97-01      Newell*, A.D., and B.L. Skjelkvåle. Acidification trends in surface waters in the international program on acidification of rivers and lakes. Wat. Air Soil Pollut. 93: 27-57, 1997. (*Contact D.S. Jeffries for correspondence).

Summary: Trend analyses were applied to surface-water chemistry data from both Europe and North America (including the TLW). SO4 concentrations were decreasing at many sites from both continents, Ca2+ decreased at many European sites, and NO3 increased at several sites in southern Norway and in eastern New York State. The declining base cation concentrations and increasing NO3 may account for the lack of recovery from acidification. No correlations were found between surface water trends and changes in deposition.

97-02      1997 Canadian Acid Rain Assessment Volume 2: Atmospheric Science Assessment Report*. Department of Environment, 260p (+4 appendices), 1997. (*Contact D.S. Jeffries for correspondence).

Summary: An assessment of the adequacy of the scientific information needed to establish current and future source-receptor relationships and to determine whether further control of acid gas emissions (beyond those required by the Canada/US Air Quality Agreement) is needed to reduce acidic deposition to acceptable levels. This is the first national assessment since1990 (cf. 90-05). Data from the TLW CAPMoN site was extensively used and commonly referenced as "Algoma" in the report.

97-03       Jeffries, D.S. (ed.). 1997 Canadian Acid Rain Assessment Volume 3: The Effects on Canada's Lakes, Rivers and Wetlands. Department of Environment, 213p, 1997.

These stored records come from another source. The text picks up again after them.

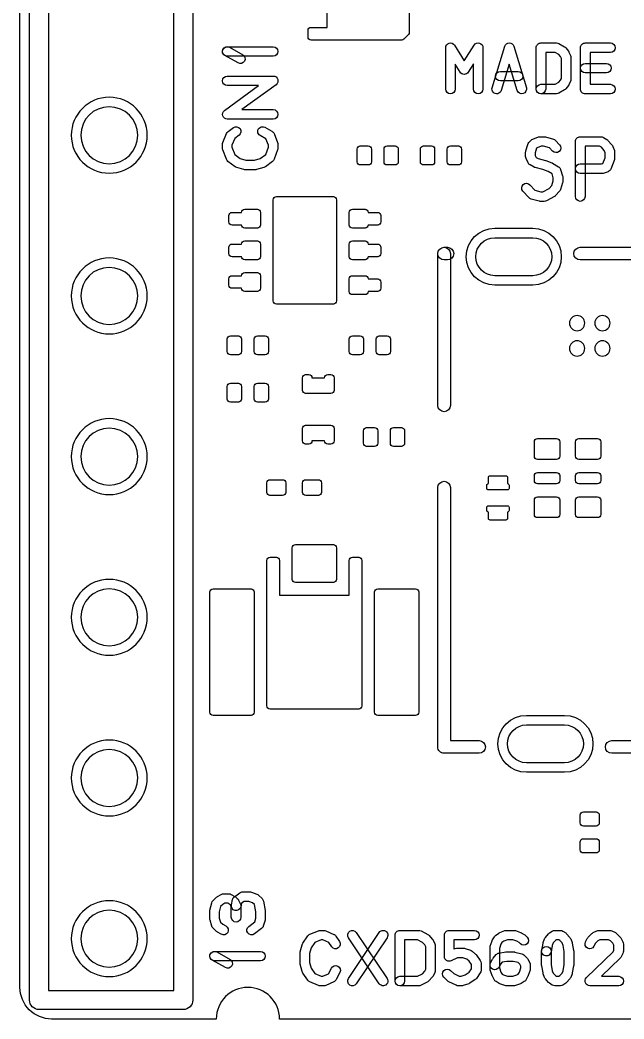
# Model space of a CAD drawing. Extents: x 0 to 20.6, y 0 to 33.
# Drawn here: x 0 to 9.54, y 0 to 15.79 of the extents above; entities that cross this region are included whole.
import ezdxf

# ---------------------------------------------------------------- set-up
doc = ezdxf.new("R2010")
doc.units = 0
for name, color, linetype in [('HOLE_1_4', 7, 'CONTINUOUS'), ('NC_Resist-A', 221, 'CONTINUOUS'), ('NC_Symbol-A', 140, 'CONTINUOUS'), ('OUTLINE', 7, 'CONTINUOUS')]:
    doc.layers.add(name, color=color, linetype=linetype)

msp = doc.modelspace()

# ---------------------------------------------------------------- linework, layer by layer
at = {"layer": 'HOLE_1_4'}
for points in [[(1.86, 13.97, 1), (0.96, 13.97, 1), (1.86, 13.97)], [(7.5, 11.75, -1), (7.5, 12.35), (8.1, 12.35, -1), (8.1, 11.75)], [(1.86, 11.43, 1), (0.96, 11.43, 1), (1.86, 11.43)], [(1.86, 8.89, 1), (0.96, 8.89, 1), (1.86, 8.89)], [(1.86, 6.35, 1), (0.96, 6.35, 1), (1.86, 6.35)], [(8, 4.05, -1), (8, 4.65), (8.6, 4.65, -1), (8.6, 4.05)], [(1.86, 3.81, 1), (0.96, 3.81, 1), (1.86, 3.81)], [(1.86, 1.27, 1), (0.96, 1.27, 1), (1.86, 1.27)]]:
    msp.add_lwpolyline(points, format="xyb", close=True, dxfattribs=at)
at = {"layer": 'NC_Resist-A'}
for points in [[(2.01, 13.97, 1), (0.81, 13.97, 1), (2.01, 13.97)], [(5.325, 13.75, -0.414214), (5.375, 13.8), (5.5, 13.8, -0.414214), (5.55, 13.75), (5.55, 13.55, -0.414214), (5.5, 13.5), (5.375, 13.5, -0.414214), (5.325, 13.55)], [(5.975, 13.55, -0.414214), (5.925, 13.5), (5.8, 13.5, -0.414214), (5.75, 13.55), (5.75, 13.75, -0.414214), (5.8, 13.8), (5.925, 13.8, -0.414214), (5.975, 13.75)], [(6.325, 13.75, -0.414214), (6.375, 13.8), (6.5, 13.8, -0.414214), (6.55, 13.75), (6.55, 13.55, -0.414214), (6.5, 13.5), (6.375, 13.5, -0.414214), (6.325, 13.55)], [(6.975, 13.55, -0.414214), (6.925, 13.5), (6.8, 13.5, -0.414214), (6.75, 13.55), (6.75, 13.75, -0.414214), (6.8, 13.8), (6.925, 13.8, -0.414214), (6.975, 13.75)], [(5, 11.35, -0.414214), (4.95, 11.3), (4.05, 11.3, -0.414214), (4, 11.35), (4, 12.95, -0.414214), (4.05, 13), (4.95, 13, -0.414214), (5, 12.95)], [(3.8, 12.55, -0.414214), (3.75, 12.5), (3.55, 12.5, -0.414214), (3.5, 12.55), (3.5, 12.55), (3.35, 12.55, -0.414214), (3.3, 12.6), (3.3, 12.7, -0.414214), (3.35, 12.75), (3.5, 12.75), (3.5, 12.75, -0.414214), (3.55, 12.8), (3.75, 12.8, -0.414214), (3.8, 12.75)], [(5.2, 12.75, -0.414214), (5.25, 12.8), (5.45, 12.8, -0.414214), (5.5, 12.75), (5.5, 12.75), (5.65, 12.75, -0.414214), (5.7, 12.7), (5.7, 12.6, -0.414214), (5.65, 12.55), (5.5, 12.55), (5.5, 12.55, -0.414214), (5.45, 12.5), (5.25, 12.5, -0.414214), (5.2, 12.55)], [(8.1, 12.5, -1), (8.1, 11.6), (7.5, 11.6, -1), (7.5, 12.5)], [(3.8, 12.05, -0.414214), (3.75, 12), (3.55, 12, -0.414214), (3.5, 12.05), (3.5, 12.05), (3.35, 12.05, -0.414214), (3.3, 12.1), (3.3, 12.2, -0.414214), (3.35, 12.25), (3.5, 12.25), (3.5, 12.25, -0.414214), (3.55, 12.3), (3.75, 12.3, -0.414214), (3.8, 12.25)], [(5.2, 12.25, -0.414214), (5.25, 12.3), (5.45, 12.3, -0.414214), (5.5, 12.25), (5.5, 12.25), (5.65, 12.25, -0.414214), (5.7, 12.2), (5.7, 12.1, -0.414214), (5.65, 12.05), (5.5, 12.05), (5.5, 12.05, -0.414214), (5.45, 12), (5.25, 12, -0.414214), (5.2, 12.05)], [(2.01, 11.43, 1), (0.81, 11.43, 1), (2.01, 11.43)], [(3.8, 11.55, -0.414214), (3.75, 11.5), (3.55, 11.5, -0.414214), (3.5, 11.55), (3.5, 11.55), (3.35, 11.55, -0.414214), (3.3, 11.6), (3.3, 11.7, -0.414214), (3.35, 11.75), (3.5, 11.75), (3.5, 11.75, -0.414214), (3.55, 11.8), (3.75, 11.8, -0.414214), (3.8, 11.75)], [(5.2, 11.7, -0.414214), (5.25, 11.75), (5.45, 11.75, -0.414214), (5.5, 11.7), (5.5, 11.7), (5.65, 11.7, -0.414214), (5.7, 11.65), (5.7, 11.55, -0.414214), (5.65, 11.5), (5.5, 11.5), (5.5, 11.5, -0.414214), (5.45, 11.45), (5.25, 11.45, -0.414214), (5.2, 11.5)], [(8.92, 11, 1), (8.68, 11, 1), (8.92, 11)], [(9.2, 10.88, 1), (9.2, 11.12, 1), (9.2, 10.88)], [(3.275, 10.75, -0.414214), (3.325, 10.8), (3.45, 10.8, -0.414214), (3.5, 10.75), (3.5, 10.55, -0.414214), (3.45, 10.5), (3.325, 10.5, -0.414214), (3.275, 10.55)], [(3.925, 10.55, -0.414214), (3.875, 10.5), (3.75, 10.5, -0.414214), (3.7, 10.55), (3.7, 10.75, -0.414214), (3.75, 10.8), (3.875, 10.8, -0.414214), (3.925, 10.75)], [(5.2, 10.75, -0.414214), (5.25, 10.8), (5.375, 10.8, -0.414214), (5.425, 10.75), (5.425, 10.55, -0.414214), (5.375, 10.5), (5.25, 10.5, -0.414214), (5.2, 10.55)], [(5.85, 10.55, -0.414214), (5.8, 10.5), (5.675, 10.5, -0.414214), (5.625, 10.55), (5.625, 10.75, -0.414214), (5.675, 10.8), (5.8, 10.8, -0.414214), (5.85, 10.75)], [(8.8, 10.72, 1), (8.8, 10.48, 1), (8.8, 10.72)], [(9.08, 10.6, 1), (9.32, 10.6, 1), (9.08, 10.6)], [(4.5625, 10.1875, -0.414214), (4.6125, 10.1375), (4.6125, 10.1375), (4.8125, 10.1375), (4.8125, 10.1375, -0.414214), (4.8625, 10.1875), (4.9125, 10.1875, -0.414214), (4.9625, 10.1375), (4.9625, 9.9375, -0.414214), (4.9125, 9.8875), (4.5125, 9.8875, -0.414214), (4.4625, 9.9375), (4.4625, 10.1375, -0.414214), (4.5125, 10.1875)], [(3.275, 10, -0.414214), (3.325, 10.05), (3.45, 10.05, -0.414214), (3.5, 10), (3.5, 9.8, -0.414214), (3.45, 9.75), (3.325, 9.75, -0.414214), (3.275, 9.8)], [(3.925, 9.8, -0.414214), (3.875, 9.75), (3.75, 9.75, -0.414214), (3.7, 9.8), (3.7, 10, -0.414214), (3.75, 10.05), (3.875, 10.05, -0.414214), (3.925, 10)], [(2.01, 8.89, 1), (0.81, 8.89, 1), (2.01, 8.89)], [(4.8625, 9.0875, -0.414214), (4.8125, 9.1375), (4.8125, 9.1375), (4.6125, 9.1375), (4.6125, 9.1375, -0.414214), (4.5625, 9.0875), (4.5125, 9.0875, -0.414214), (4.4625, 9.1375), (4.4625, 9.3375, -0.414214), (4.5125, 9.3875), (4.9125, 9.3875, -0.414214), (4.9625, 9.3375), (4.9625, 9.1375, -0.414214), (4.9125, 9.0875)], [(5.425, 9.3, -0.414214), (5.475, 9.35), (5.6, 9.35, -0.414214), (5.65, 9.3), (5.65, 9.1, -0.414214), (5.6, 9.05), (5.475, 9.05, -0.414214), (5.425, 9.1)], [(6.075, 9.1, -0.414214), (6.025, 9.05), (5.9, 9.05, -0.414214), (5.85, 9.1), (5.85, 9.3, -0.414214), (5.9, 9.35), (6.025, 9.35, -0.414214), (6.075, 9.3)], [(8.475, 9.175, -0.414214), (8.525, 9.125), (8.525, 8.895, -0.414214), (8.475, 8.845), (8.175, 8.845, -0.414214), (8.125, 8.895), (8.125, 9.125, -0.414214), (8.175, 9.175)], [(9.125, 9.175, -0.414214), (9.175, 9.125), (9.175, 8.895, -0.414214), (9.125, 8.845), (8.825, 8.845, -0.414214), (8.775, 8.895), (8.775, 9.125, -0.414214), (8.825, 9.175)], [(7.4, 8.3625, -0.414214), (7.375, 8.3875), (7.375, 8.4375, -0.414214), (7.4, 8.4625), (7.4, 8.4625), (7.4, 8.5625, -0.414214), (7.425, 8.5875), (7.675, 8.5875, -0.414214), (7.7, 8.5625), (7.7, 8.4625), (7.7, 8.4625, -0.414214), (7.725, 8.4375), (7.725, 8.3875, -0.414214), (7.7, 8.3625)], [(8.475, 8.64, -0.414214), (8.525, 8.59), (8.525, 8.51, -0.414214), (8.475, 8.46), (8.175, 8.46, -0.414214), (8.125, 8.51), (8.125, 8.59, -0.414214), (8.175, 8.64)], [(9.125, 8.64, -0.414214), (9.175, 8.59), (9.175, 8.51, -0.414214), (9.125, 8.46), (8.825, 8.46, -0.414214), (8.775, 8.51), (8.775, 8.59, -0.414214), (8.825, 8.64)], [(4.148, 8.525, -0.414214), (4.198, 8.475), (4.198, 8.325, -0.414214), (4.148, 8.275), (3.948, 8.275, -0.414214), (3.898, 8.325), (3.898, 8.475, -0.414214), (3.948, 8.525)], [(4.713, 8.525, -0.414214), (4.763, 8.475), (4.763, 8.325, -0.414214), (4.713, 8.275), (4.513, 8.275, -0.414214), (4.463, 8.325), (4.463, 8.475, -0.414214), (4.513, 8.525)], [(8.475, 8.255, -0.414214), (8.525, 8.205), (8.525, 7.975, -0.414214), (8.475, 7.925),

Summary: An national assessment of the aquatic effects of acid rain (the first since 1990, (cf. 90-06) prepared in support of development of a national strategy for acid gas emission control, post 2000. Chemical and biological changes in aquatic effects since the 1980's, interactions between atmospheric stressors, effectiveness of existing critical and target loads, and the probable effect of planned SO2 controls on aquatic ecosystems were evaluated. Information from the TLW (sometimes called "Algoma") was extensively cited, including a case study section.

97-04      Doka, S.E., M.L. Mallory, D.K McNicol, and C.K. Minns. Species richness and species occurrence of five taxonomic groups in relation to pH and other lake characteristics in southeastern Canada. Can. Tech. Rep. Fish. Aquat. Sci. 2179, 57pp.,1997.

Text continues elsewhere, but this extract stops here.